MORE stakeholders have continued raising alarm over the Lower Zambezi National Park mining saga, with Oxfam in Southern Africa expressing concern that government has seemingly opted to ignore public outcry.
And Oxfam has expressed concern over the high dependence on resource extraction for Zambia’s development agenda.
In a statement, Friday, Oxfam in Southern Africa country representative Yvonne Chibiya cautioned government on the move to proceed with mining activity in the national park.
“Oxfam in Southern Africa expresses concern over the ongoing and highly controversial Lower Zambezi National Park (LZNP) mining saga and cautions the Zambian government on the move to proceed with mining activity in the national park. While Oxfam acknowledges the decision made by the Court of Appeal, delivered by Justice Ngulube on 27th February 2021, to allow for the mining project by Mwembeshi Minerals to proceed, it is immensely concerning that the Government has unilaterally and quickly positioned itself to accept the ruling, forgoing all public outcry and expert caution against the said project,” Chibiya said.
“This not only goes against the Government’s pronounced commitments towards environmental sustainability but also sets a negative precedent for Natural Resource Management (NRM) and Environmental Protection within the New Dawn Government’s industrialization agenda. The Lower Zambezi National Park (LZNP) hosts a sensitive ecosystem sustaining a vast amount of biodiversity necessary for environmental sustainability in Zambia and some neighboring countries. This region also provides a critical water resource for over 250 million people in the region that depend on the Zambezi river and surrounding ecosystem for water, fishing, wildlife, agriculture, tourism, forestry, and other livelihood activities.”

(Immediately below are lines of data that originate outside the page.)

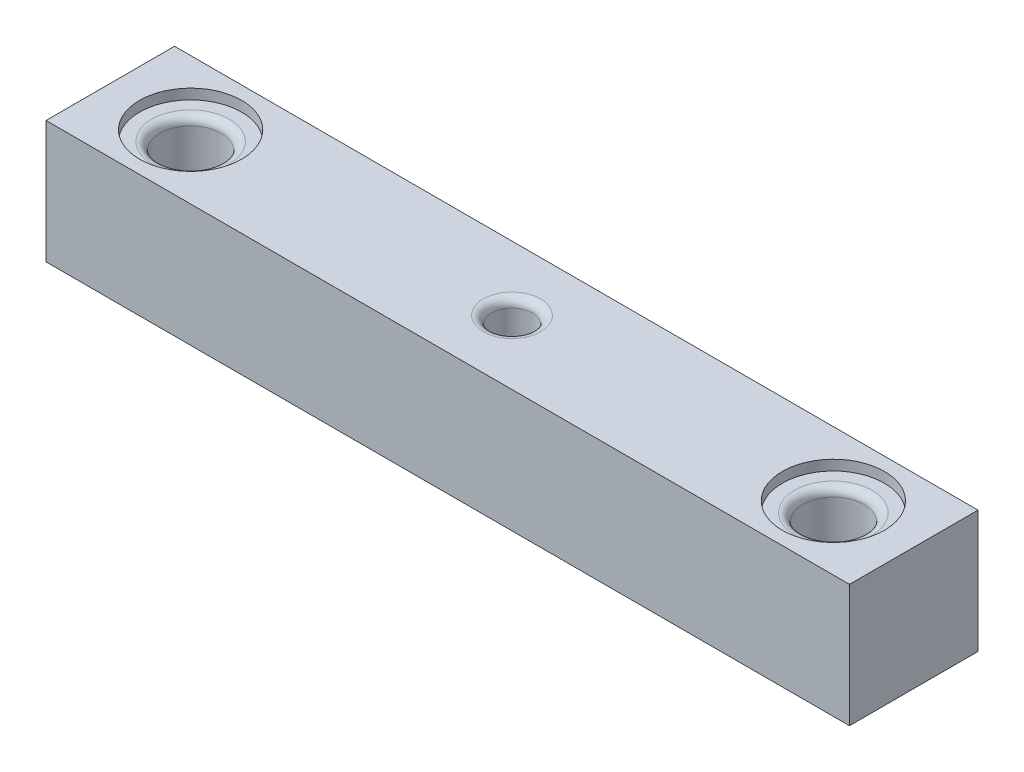
ISO-10303-21;
HEADER;
FILE_DESCRIPTION(('STEP AP214'),'2;1');
FILE_NAME('part.step','',(''),(''),'','','');
FILE_SCHEMA(('AUTOMOTIVE_DESIGN { 1 0 10303 214 1 1 1 1 }'));
ENDSEC;
DATA;
#1=APPLICATION_CONTEXT('core data for automotive mechanical design processes');
#2=APPLICATION_PROTOCOL_DEFINITION('international standard','automotive_design',2000,#1);
#3=PRODUCT_CONTEXT('',#1,'mechanical');
#4=PRODUCT('Part','Part','',(#3));
#5=PRODUCT_RELATED_PRODUCT_CATEGORY('part','',(#4));
#6=PRODUCT_DEFINITION_FORMATION('','',#4);
#7=PRODUCT_DEFINITION_CONTEXT('part definition',#1,'design');
#8=PRODUCT_DEFINITION('design','',#6,#7);
#9=PRODUCT_DEFINITION_SHAPE('','',#8);
#10=(LENGTH_UNIT() NAMED_UNIT(*) SI_UNIT(.MILLI.,.METRE.));
#11=(NAMED_UNIT(*) PLANE_ANGLE_UNIT() SI_UNIT($,.RADIAN.));
#12=(NAMED_UNIT(*) SI_UNIT($,.STERADIAN.) SOLID_ANGLE_UNIT());
#13=UNCERTAINTY_MEASURE_WITH_UNIT(LENGTH_MEASURE(1.E-05),#10,'distance_accuracy_value','');
#14=(GEOMETRIC_REPRESENTATION_CONTEXT(3) GLOBAL_UNCERTAINTY_ASSIGNED_CONTEXT((#13)) GLOBAL_UNIT_ASSIGNED_CONTEXT((#10,
#11,#12)) REPRESENTATION_CONTEXT('',''));
#15=CARTESIAN_POINT('',(0.,0.,0.));
#16=DIRECTION('',(0.,0.,1.));
#17=DIRECTION('',(1.,0.,0.));
#18=AXIS2_PLACEMENT_3D('',#15,#16,#17);
#19=CARTESIAN_POINT('',(-100.,38.1,-1.66533453693773E-13));
#20=DIRECTION('',(0.,-1.,0.));
#21=DIRECTION('',(0.,0.,-1.));
#22=AXIS2_PLACEMENT_3D('',#19,#20,#21);
#23=CYLINDRICAL_SURFACE('',#22,9.52500000000001);
#24=CARTESIAN_POINT('',(-100.,32.385,-1.66533453693773E-13));
#25=DIRECTION('',(0.,1.,0.));
#26=DIRECTION('',(0.,0.,1.));
#27=AXIS2_PLACEMENT_3D('',#24,#25,#26);
#28=CIRCLE('',#27,9.52500000000001);
#29=CARTESIAN_POINT('',(-100.,32.385,-9.52500000000017));
#30=VERTEX_POINT('',#29);
#31=EDGE_CURVE('E159',#30,#30,#28,.T.);
#32=CARTESIAN_POINT('',(-100.,0.,-1.66533453693773E-13));
#33=DIRECTION('',(0.,1.,0.));
#34=DIRECTION('',(0.,0.,1.));
#35=AXIS2_PLACEMENT_3D('',#32,#33,#34);
#36=CIRCLE('',#35,9.52500000000001);
#37=CARTESIAN_POINT('',(-100.,0.,-9.52500000000017));
#38=VERTEX_POINT('',#37);
#39=EDGE_CURVE('E126',#38,#38,#36,.T.);
#40=CARTESIAN_POINT('',(-100.,32.385,-9.52500000000017));
#41=CARTESIAN_POINT('',(-100.,32.04765625,-9.52500000000017));
#42=CARTESIAN_POINT('',(-100.,31.7103125,-9.52500000000017));
#43=CARTESIAN_POINT('',(-100.,31.035625,-9.52500000000017));
#44=CARTESIAN_POINT('',(-100.,30.69828125,-9.52500000000017));
#45=CARTESIAN_POINT('',(-100.,30.02359375,-9.52500000000017));
#46=CARTESIAN_POINT('',(-100.,29.68625,-9.52500000000017));
#47=CARTESIAN_POINT('',(-100.,29.0115625,-9.52500000000017));
#48=CARTESIAN_POINT('',(-100.,28.67421875,-9.52500000000017));
#49=CARTESIAN_POINT('',(-100.,27.99953125,-9.52500000000017));
#50=CARTESIAN_POINT('',(-100.,27.6621875,-9.52500000000017));
#51=CARTESIAN_POINT('',(-100.,26.9875,-9.52500000000017));
#52=CARTESIAN_POINT('',(-100.,26.65015625,-9.52500000000017));
#53=CARTESIAN_POINT('',(-100.,25.97546875,-9.52500000000017));
#54=CARTESIAN_POINT('',(-100.,25.638125,-9.52500000000017));
#55=CARTESIAN_POINT('',(-100.,24.9634375,-9.52500000000017));
#56=CARTESIAN_POINT('',(-100.,24.62609375,-9.52500000000017));
#57=CARTESIAN_POINT('',(-100.,23.95140625,-9.52500000000017));
#58=CARTESIAN_POINT('',(-100.,23.6140625,-9.52500000000017));
#59=CARTESIAN_POINT('',(-100.,22.939375,-9.52500000000017));
#60=CARTESIAN_POINT('',(-100.,22.60203125,-9.52500000000017));
#61=CARTESIAN_POINT('',(-100.,21.92734375,-9.52500000000017));
#62=CARTESIAN_POINT('',(-100.,21.59,-9.52500000000017));
#63=CARTESIAN_POINT('',(-100.,20.9153125,-9.52500000000017));
#64=CARTESIAN_POINT('',(-100.,20.57796875,-9.52500000000017));
#65=CARTESIAN_POINT('',(-100.,19.90328125,-9.52500000000017));
#66=CARTESIAN_POINT('',(-100.,19.5659375,-9.52500000000017));
#67=CARTESIAN_POINT('',(-100.,18.89125,-9.52500000000017));
#68=CARTESIAN_POINT('',(-100.,18.55390625,-9.52500000000017));
#69=CARTESIAN_POINT('',(-100.,17.87921875,-9.52500000000017));
#70=CARTESIAN_POINT('',(-100.,17.541875,-9.52500000000017));
#71=CARTESIAN_POINT('',(-100.,16.8671875,-9.52500000000017));
#72=CARTESIAN_POINT('',(-100.,16.52984375,-9.52500000000017));
#73=CARTESIAN_POINT('',(-100.,15.85515625,-9.52500000000017));
#74=CARTESIAN_POINT('',(-100.,15.5178125,-9.52500000000017));
#75=CARTESIAN_POINT('',(-100.,14.843125,-9.52500000000017));
#76=CARTESIAN_POINT('',(-100.,14.50578125,-9.52500000000017));
#77=CARTESIAN_POINT('',(-100.,13.83109375,-9.52500000000017));
#78=CARTESIAN_POINT('',(-100.,13.49375,-9.52500000000017));
#79=CARTESIAN_POINT('',(-100.,12.8190625,-9.52500000000017));
#80=CARTESIAN_POINT('',(-100.,12.48171875,-9.52500000000017));
#81=CARTESIAN_POINT('',(-100.,11.80703125,-9.52500000000017));
#82=CARTESIAN_POINT('',(-100.,11.4696875,-9.52500000000017));
#83=CARTESIAN_POINT('',(-100.,10.795,-9.52500000000017));
#84=CARTESIAN_POINT('',(-100.,10.45765625,-9.52500000000017));
#85=CARTESIAN_POINT('',(-100.,9.78296874999999,-9.52500000000017));
#86=CARTESIAN_POINT('',(-100.,9.445625,-9.52500000000017));
#87=CARTESIAN_POINT('',(-100.,8.7709375,-9.52500000000017));
#88=CARTESIAN_POINT('',(-100.,8.43359375,-9.52500000000017));
#89=CARTESIAN_POINT('',(-100.,7.75890625,-9.52500000000017));
#90=CARTESIAN_POINT('',(-100.,7.4215625,-9.52500000000017));
#91=CARTESIAN_POINT('',(-100.,6.746875,-9.52500000000017));
#92=CARTESIAN_POINT('',(-100.,6.40953125,-9.52500000000017));
#93=CARTESIAN_POINT('',(-100.,5.73484375,-9.52500000000017));
#94=CARTESIAN_POINT('',(-100.,5.3975,-9.52500000000017));
#95=CARTESIAN_POINT('',(-100.,4.7228125,-9.52500000000017));
#96=CARTESIAN_POINT('',(-100.,4.38546875,-9.52500000000017));
#97=CARTESIAN_POINT('',(-100.,3.71078125,-9.52500000000017));
#98=CARTESIAN_POINT('',(-100.,3.3734375,-9.52500000000017));
#99=CARTESIAN_POINT('',(-100.,2.69875,-9.52500000000017));
#100=CARTESIAN_POINT('',(-100.,2.36140624999999,-9.52500000000017));
#101=CARTESIAN_POINT('',(-100.,1.68671875,-9.52500000000017));
#102=CARTESIAN_POINT('',(-100.,1.349375,-9.52500000000017));
#103=CARTESIAN_POINT('',(-100.,0.674687500000002,-9.52500000000017));
#104=CARTESIAN_POINT('',(-100.,0.337343750000001,-9.52500000000017));
#105=CARTESIAN_POINT('',(-100.,0.,-9.52500000000017));
#106=B_SPLINE_CURVE_WITH_KNOTS('',3,(#40,#41,#42,#43,#44,#45,#46,#47,#48,#49,#50,#51,#52,#53,
#54,#55,#56,#57,#58,#59,#60,#61,#62,#63,#64,#65,#66,#67,#68,#69,#70,#71,#72,#73,#74,#75,#76,#77,
#78,#79,#80,#81,#82,#83,#84,#85,#86,#87,#88,#89,#90,#91,#92,#93,#94,#95,#96,#97,#98,#99,#100,
#101,#102,#103,#104,#105),.UNSPECIFIED.,.F.,.F.,(4,2,2,2,2,2,2,2,2,2,2,2,2,2,2,2,2,2,2,2,2,2,2,
2,2,2,2,2,2,2,2,2,4),(0.,1.01203125,2.0240625,3.03609375,4.048125,5.06015625,6.07218750000001,
7.08421875,8.09625000000001,9.10828125,10.1203125,11.13234375,12.144375,13.15640625,14.1684375,
15.18046875,16.1925,17.20453125,18.2165625,19.22859375,20.240625,21.25265625,22.2646875,
23.27671875,24.28875,25.30078125,26.3128125,27.32484375,28.336875,29.34890625,30.3609375,
31.37296875,32.385),.UNSPECIFIED.);
#107=EDGE_CURVE('BSEAM51',#30,#38,#106,.T.);
#108=ORIENTED_EDGE('',*,*,#31,.T.);
#109=ORIENTED_EDGE('',*,*,#39,.F.);
#110=ORIENTED_EDGE('',*,*,#107,.T.);
#111=ORIENTED_EDGE('',*,*,#107,.F.);
#112=EDGE_LOOP('',(#108,#110,#109,#111));
#113=FACE_BOUND('',#112,.T.);
#114=ADVANCED_FACE('F51',(#113),#23,.F.);
#115=CARTESIAN_POINT('',(100.,38.1,-1.66533453693773E-13));
#116=DIRECTION('',(0.,-1.,0.));
#117=DIRECTION('',(0.,0.,-1.));
#118=AXIS2_PLACEMENT_3D('',#115,#116,#117);
#119=CYLINDRICAL_SURFACE('',#118,9.52500000000001);
#120=CARTESIAN_POINT('',(100.,32.385,-1.66533453693773E-13));
#121=DIRECTION('',(0.,1.,0.));
#122=DIRECTION('',(0.,0.,1.));
#123=AXIS2_PLACEMENT_3D('',#120,#121,#122);
#124=CIRCLE('',#123,9.52500000000001);
#125=CARTESIAN_POINT('',(100.,32.385,-9.52500000000017));
#126=VERTEX_POINT('',#125);
#127=EDGE_CURVE('E148',#126,#126,#124,.T.);
#128=CARTESIAN_POINT('',(100.,0.,-1.66533453693773E-13));
#129=DIRECTION('',(0.,1.,0.));
#130=DIRECTION('',(0.,0.,1.));
#131=AXIS2_PLACEMENT_3D('',#128,#129,#130);
#132=CIRCLE('',#131,9.52500000000001);
#133=CARTESIAN_POINT('',(100.,0.,-9.52500000000017));
#134=VERTEX_POINT('',#133);
#135=EDGE_CURVE('E124',#134,#134,#132,.T.);
#136=CARTESIAN_POINT('',(100.,32.385,-9.52500000000017));
#137=CARTESIAN_POINT('',(100.,32.04765625,-9.52500000000017));
#138=CARTESIAN_POINT('',(100.,31.7103125,-9.52500000000017));
#139=CARTESIAN_POINT('',(100.,31.035625,-9.52500000000017));
#140=CARTESIAN_POINT('',(100.,30.69828125,-9.52500000000017));
#141=CARTESIAN_POINT('',(100.,30.02359375,-9.52500000000017));
#142=CARTESIAN_POINT('',(100.,29.68625,-9.52500000000017));
#143=CARTESIAN_POINT('',(100.,29.0115625,-9.52500000000017));
#144=CARTESIAN_POINT('',(100.,28.67421875,-9.52500000000017));
#145=CARTESIAN_POINT('',(100.,27.99953125,-9.52500000000017));
#146=CARTESIAN_POINT('',(100.,27.6621875,-9.52500000000017));
#147=CARTESIAN_POINT('',(100.,26.9875,-9.52500000000017));
#148=CARTESIAN_POINT('',(100.,26.65015625,-9.52500000000017));
#149=CARTESIAN_POINT('',(100.,25.97546875,-9.52500000000017));
#150=CARTESIAN_POINT('',(100.,25.638125,-9.52500000000017));
#151=CARTESIAN_POINT('',(100.,24.9634375,-9.52500000000017));
#152=CARTESIAN_POINT('',(100.,24.62609375,-9.52500000000017));
#153=CARTESIAN_POINT('',(100.,23.95140625,-9.52500000000017));
#154=CARTESIAN_POINT('',(100.,23.6140625,-9.52500000000017));
#155=CARTESIAN_POINT('',(100.,22.939375,-9.52500000000017));
#156=CARTESIAN_POINT('',(100.,22.60203125,-9.52500000000017));
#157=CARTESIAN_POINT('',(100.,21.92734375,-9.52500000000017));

Chibiya said disruption to the ecosystem could prove disastrous, particularly at a time when the world was battling a climate change crisis.
“A disruption to this ecosystem could prove disastrous, particularly at a time when the world is battling a climate change crisis. The impacts of climate change are glaringly apparent, with the most recent being the Tropical Cyclone Ana that has devastated the Southern Africa region particularly Malawi, Mozambique, and Zimbabwe, including some parts of Zambia. A report by Investigative Environmental Journalism notes that an independent review of the Environmental Impact Assessment (EIA) done in 2012 and 2014 submitted to ZEMA showcased flaws against the tenets of sustainable development,” she said.
“The intended project violates Zambian national environmental and public health laws as well as international environmental agreements which mitigate against environmental risk management set out in the Equator Principles, as well as standards for mining in protected environments established by the International Union for the Conservation of Nature (IUCN). The ZEMA Board disallowed the mining project on similar grounds but was later overruled in judgment by then Minister of Mines, Harry Kalaba, on grounds that the project would create jobs for locals and technologies be employed to mitigate environmental impact.”
Chibiya said the high dependence on resource extraction for Zambia’s development agenda was concerning.
“This saga has highlighted two points of concern namely, ZEMA’s limited autonomy to execute its regulatory functions towards environmental protection due to political influence and conflicting laws that fail to recognize designated land use plans particularly for ecosystem protection. This is a threat to the objectivity, as well as autonomy of the Environmental Management Regulatory body. Oxfam also expresses concern over the high dependence on resource extraction for Zambia’s development agenda evidenced by the new Government’s pronouncements to upscale copper production over 250% in the next decade. Whereas, this may pay back positively in revenue terms, it is worth noting that mining has serious implications on lives, livelihoods, and the environment,” she said.
“While acknowledging efforts towards environmental protection through creation of a Ministry of Green Economy and Environment, Oxfam cautions that without commensurate monetary investment to mitigate impacts and a clear-cut strategy for protection of key ecosystems in the country which have been grossly degazetted in past years, all efforts may be futile. Mining, though a strategic sector for Zambia, has historically been a cause for environmental and human rights concerns with mining towns in the Copperbelt, Central and North-Western Provinces being key examples of this. There is need, therefore, to properly establish natural resource governance best practice for Zambia, governed by adequate laws and policies for beneficial and sustainable mining.”
Chibiya proposed that government must invest in expanding tourism and other productive sectors away from mining, and further called for the autonomy of ZEMA.
“Oxfam remains committed to the call for resource extraction that is sustainable, contributes positively to development and is instrumental to fighting poverty and inequalities. Within this mandate, we call for the immediate stop to all mining activity or strides towards this in the Lower Zambezi National Park. Government should invest in expanding tourism and other productive sectors away from mining. The lower Zambezi offers natural renewable resources that can increase employment and revenue generation while contributing to economic, environmental, and social development now and in future,” said Chibiya.
“It is with utmost dismay that we note the lawful provision allowing a sitting Minister of Mines to overrule the ZEMA Board decision to disallow mining projects. We call for the autonomy of the environmental management body and upholding of decisions lawfully made by the ZEMA Board. We call on the Government to make positive strides towards prioritizing Environmental Protection and Climate Change mitigation and action on these progressive commitments.”